WORK REQUEST: Write out exactly the line containing "#73=FACE_BOUND('',#72,.T.);" along with each line that follows it in the records below, and no others.

Collection entries:
┌──
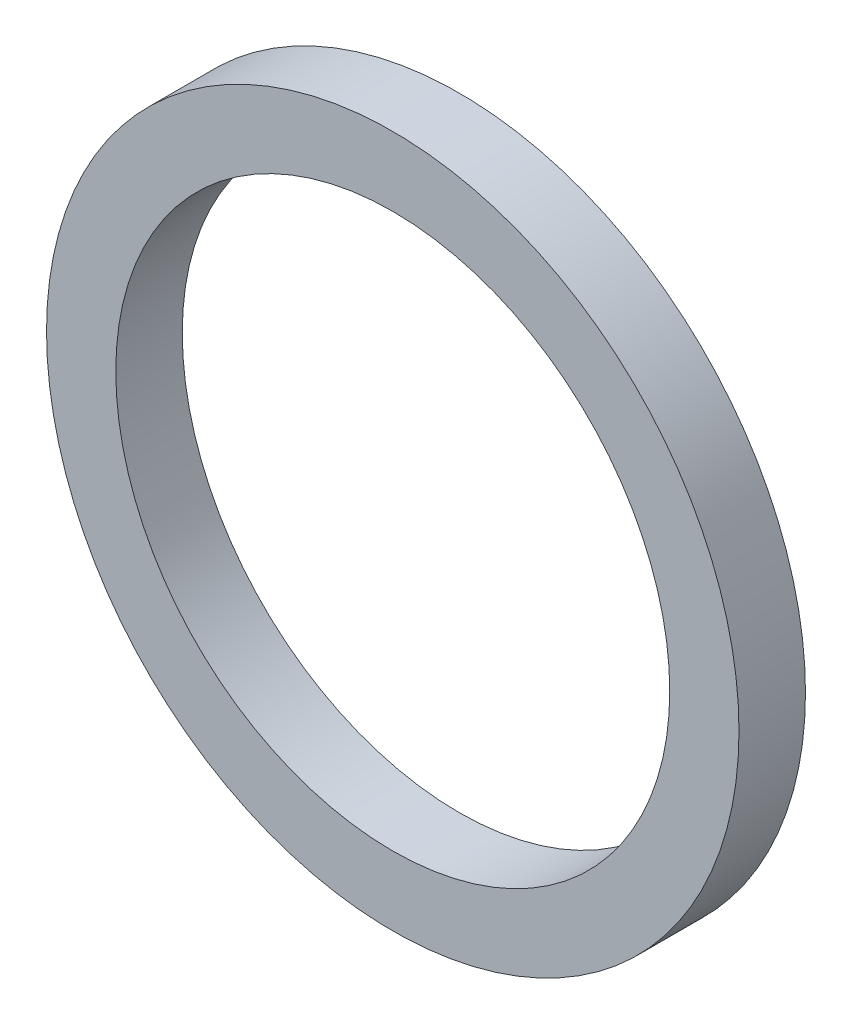
ISO-10303-21;
HEADER;
FILE_DESCRIPTION(('STEP AP214'),'2;1');
FILE_NAME('part.step','',(''),(''),'','','');
FILE_SCHEMA(('AUTOMOTIVE_DESIGN { 1 0 10303 214 1 1 1 1 }'));
ENDSEC;
DATA;
#1=APPLICATION_CONTEXT('core data for automotive mechanical design processes');
#2=APPLICATION_PROTOCOL_DEFINITION('international standard','automotive_design',2000,#1);
#3=PRODUCT_CONTEXT('',#1,'mechanical');
#4=PRODUCT('Part','Part','',(#3));
#5=PRODUCT_RELATED_PRODUCT_CATEGORY('part','',(#4));
#6=PRODUCT_DEFINITION_FORMATION('','',#4);
#7=PRODUCT_DEFINITION_CONTEXT('part definition',#1,'design');
#8=PRODUCT_DEFINITION('design','',#6,#7);
#9=PRODUCT_DEFINITION_SHAPE('','',#8);
#10=(LENGTH_UNIT() NAMED_UNIT(*) SI_UNIT(.MILLI.,.METRE.));
#11=(NAMED_UNIT(*) PLANE_ANGLE_UNIT() SI_UNIT($,.RADIAN.));
#12=(NAMED_UNIT(*) SI_UNIT($,.STERADIAN.) SOLID_ANGLE_UNIT());
#13=UNCERTAINTY_MEASURE_WITH_UNIT(LENGTH_MEASURE(1.E-05),#10,'distance_accuracy_value','');
#14=(GEOMETRIC_REPRESENTATION_CONTEXT(3) GLOBAL_UNCERTAINTY_ASSIGNED_CONTEXT((#13)) GLOBAL_UNIT_ASSIGNED_CONTEXT((#10,
#11,#12)) REPRESENTATION_CONTEXT('',''));
#15=CARTESIAN_POINT('',(0.,0.,0.));
#16=DIRECTION('',(0.,0.,1.));
#17=DIRECTION('',(1.,0.,0.));
#18=AXIS2_PLACEMENT_3D('',#15,#16,#17);
#19=CARTESIAN_POINT('',(0.,0.,0.381));
#20=DIRECTION('',(0.,0.,1.));
#21=DIRECTION('',(1.,0.,0.));
#22=AXIS2_PLACEMENT_3D('',#19,#20,#21);
#23=PLANE('',#22);
#24=CARTESIAN_POINT('',(0.,0.,0.381));
#25=DIRECTION('',(0.,0.,1.));
#26=DIRECTION('',(1.,0.,0.));
#27=AXIS2_PLACEMENT_3D('',#24,#25,#26);
#28=CIRCLE('',#27,3.96875);
#29=CARTESIAN_POINT('',(3.96875,0.,0.381));
#30=VERTEX_POINT('',#29);
#31=EDGE_CURVE('E10',#30,#30,#28,.T.);
#32=ORIENTED_EDGE('',*,*,#31,.T.);
#33=EDGE_LOOP('',(#32));
#34=FACE_BOUND('',#33,.T.);
#35=CARTESIAN_POINT('',(0.,0.,0.381));
#36=DIRECTION('',(0.,0.,1.));
#37=DIRECTION('',(1.,0.,0.));
#38=AXIS2_PLACEMENT_3D('',#35,#36,#37);
#39=CIRCLE('',#38,3.175);
#40=CARTESIAN_POINT('',(3.175,0.,0.381));
#41=VERTEX_POINT('',#40);
#42=EDGE_CURVE('E54',#41,#41,#39,.T.);
#43=ORIENTED_EDGE('',*,*,#42,.F.);
#44=EDGE_LOOP('',(#43));
#45=FACE_BOUND('',#44,.T.);
#46=ADVANCED_FACE('F41',(#34,#45),#23,.T.);
#47=CARTESIAN_POINT('',(0.,0.,-0.381));
#48=DIRECTION('',(0.,0.,1.));
#49=DIRECTION('',(1.,0.,0.));
#50=AXIS2_PLACEMENT_3D('',#47,#48,#49);
#51=PLANE('',#50);
#52=CARTESIAN_POINT('',(0.,0.,-0.381));
#53=DIRECTION('',(0.,0.,1.));
#54=DIRECTION('',(1.,0.,0.));
#55=AXIS2_PLACEMENT_3D('',#52,#53,#54);
#56=CIRCLE('',#55,3.96875);
#57=CARTESIAN_POINT('',(3.96875,0.,-0.381));
#58=VERTEX_POINT('',#57);
#59=EDGE_CURVE('E45',#58,#58,#56,.T.);
#60=ORIENTED_EDGE('',*,*,#59,.F.);
#61=EDGE_LOOP('',(#60));
#62=FACE_BOUND('',#61,.T.);
#63=CARTESIAN_POINT('',(0.,0.,-0.381));
#64=DIRECTION('',(0.,0.,1.));
#65=DIRECTION('',(1.,0.,0.));
#66=AXIS2_PLACEMENT_3D('',#63,#64,#65);
#67=CIRCLE('',#66,3.175);
#68=CARTESIAN_POINT('',(3.175,0.,-0.381));
#69=VERTEX_POINT('',#68);
#70=EDGE_CURVE('E56',#69,#69,#67,.T.);
#71=ORIENTED_EDGE('',*,*,#70,.T.);
#72=EDGE_LOOP('',(#71));
#73=FACE_BOUND('',#72,.T.);
#74=ADVANCED_FACE('F68',(#62,#73),#51,.F.);
#75=CARTESIAN_POINT('',(0.,0.,0.381));
#76=DIRECTION('',(0.,0.,-1.));
#77=DIRECTION('',(-1.,0.,0.));
#78=AXIS2_PLACEMENT_3D('',#75,#76,#77);
#79=CYLINDRICAL_SURFACE('',#78,3.96875);
#80=ORIENTED_EDGE('',*,*,#31,.F.);
#81=EDGE_LOOP('',(#80));
#82=FACE_BOUND('',#81,.T.);
#83=ORIENTED_EDGE('',*,*,#59,.T.);
#84=EDGE_LOOP('',(#83));
#85=FACE_BOUND('',#84,.T.);
#86=ADVANCED_FACE('F43',(#82,#85),#79,.T.);
#87=CARTESIAN_POINT('',(0.,0.,0.381));
#88=DIRECTION('',(0.,0.,-1.));
#89=DIRECTION('',(-1.,0.,0.));
#90=AXIS2_PLACEMENT_3D('',#87,#88,#89);
#91=CYLINDRICAL_SURFACE('',#90,3.175);
#92=ORIENTED_EDGE('',*,*,#42,.T.);
#93=EDGE_LOOP('',(#92));
#94=FACE_BOUND('',#93,.T.);
#95=ORIENTED_EDGE('',*,*,#70,.F.);
#96=EDGE_LOOP('',(#95));
#97=FACE_BOUND('',#96,.T.);
#98=ADVANCED_FACE('F64',(#94,#97),#91,.F.);
#99=CLOSED_SHELL('',(#46,#74,#86,#98));
#100=MANIFOLD_SOLID_BREP('B2',#99);
#101=ADVANCED_BREP_SHAPE_REPRESENTATION('',(#18,#100),#14);
#102=SHAPE_DEFINITION_REPRESENTATION(#9,#101);
ENDSEC;
END-ISO-10303-21;
└──
RESULT:
#73=FACE_BOUND('',#72,.T.);
#74=ADVANCED_FACE('F68',(#62,#73),#51,.F.);
#75=CARTESIAN_POINT('',(0.,0.,0.381));
#76=DIRECTION('',(0.,0.,-1.));
#77=DIRECTION('',(-1.,0.,0.));
#78=AXIS2_PLACEMENT_3D('',#75,#76,#77);
#79=CYLINDRICAL_SURFACE('',#78,3.96875);
#80=ORIENTED_EDGE('',*,*,#31,.F.);
#81=EDGE_LOOP('',(#80));
#82=FACE_BOUND('',#81,.T.);
#83=ORIENTED_EDGE('',*,*,#59,.T.);
#84=EDGE_LOOP('',(#83));
#85=FACE_BOUND('',#84,.T.);
#86=ADVANCED_FACE('F43',(#82,#85),#79,.T.);
#87=CARTESIAN_POINT('',(0.,0.,0.381));
#88=DIRECTION('',(0.,0.,-1.));
#89=DIRECTION('',(-1.,0.,0.));
#90=AXIS2_PLACEMENT_3D('',#87,#88,#89);
#91=CYLINDRICAL_SURFACE('',#90,3.175);
#92=ORIENTED_EDGE('',*,*,#42,.T.);
#93=EDGE_LOOP('',(#92));
#94=FACE_BOUND('',#93,.T.);
#95=ORIENTED_EDGE('',*,*,#70,.F.);
#96=EDGE_LOOP('',(#95));
#97=FACE_BOUND('',#96,.T.);
#98=ADVANCED_FACE('F64',(#94,#97),#91,.F.);
#99=CLOSED_SHELL('',(#46,#74,#86,#98));
#100=MANIFOLD_SOLID_BREP('B2',#99);
#101=ADVANCED_BREP_SHAPE_REPRESENTATION('',(#18,#100),#14);
#102=SHAPE_DEFINITION_REPRESENTATION(#9,#101);
ENDSEC;
END-ISO-10303-21;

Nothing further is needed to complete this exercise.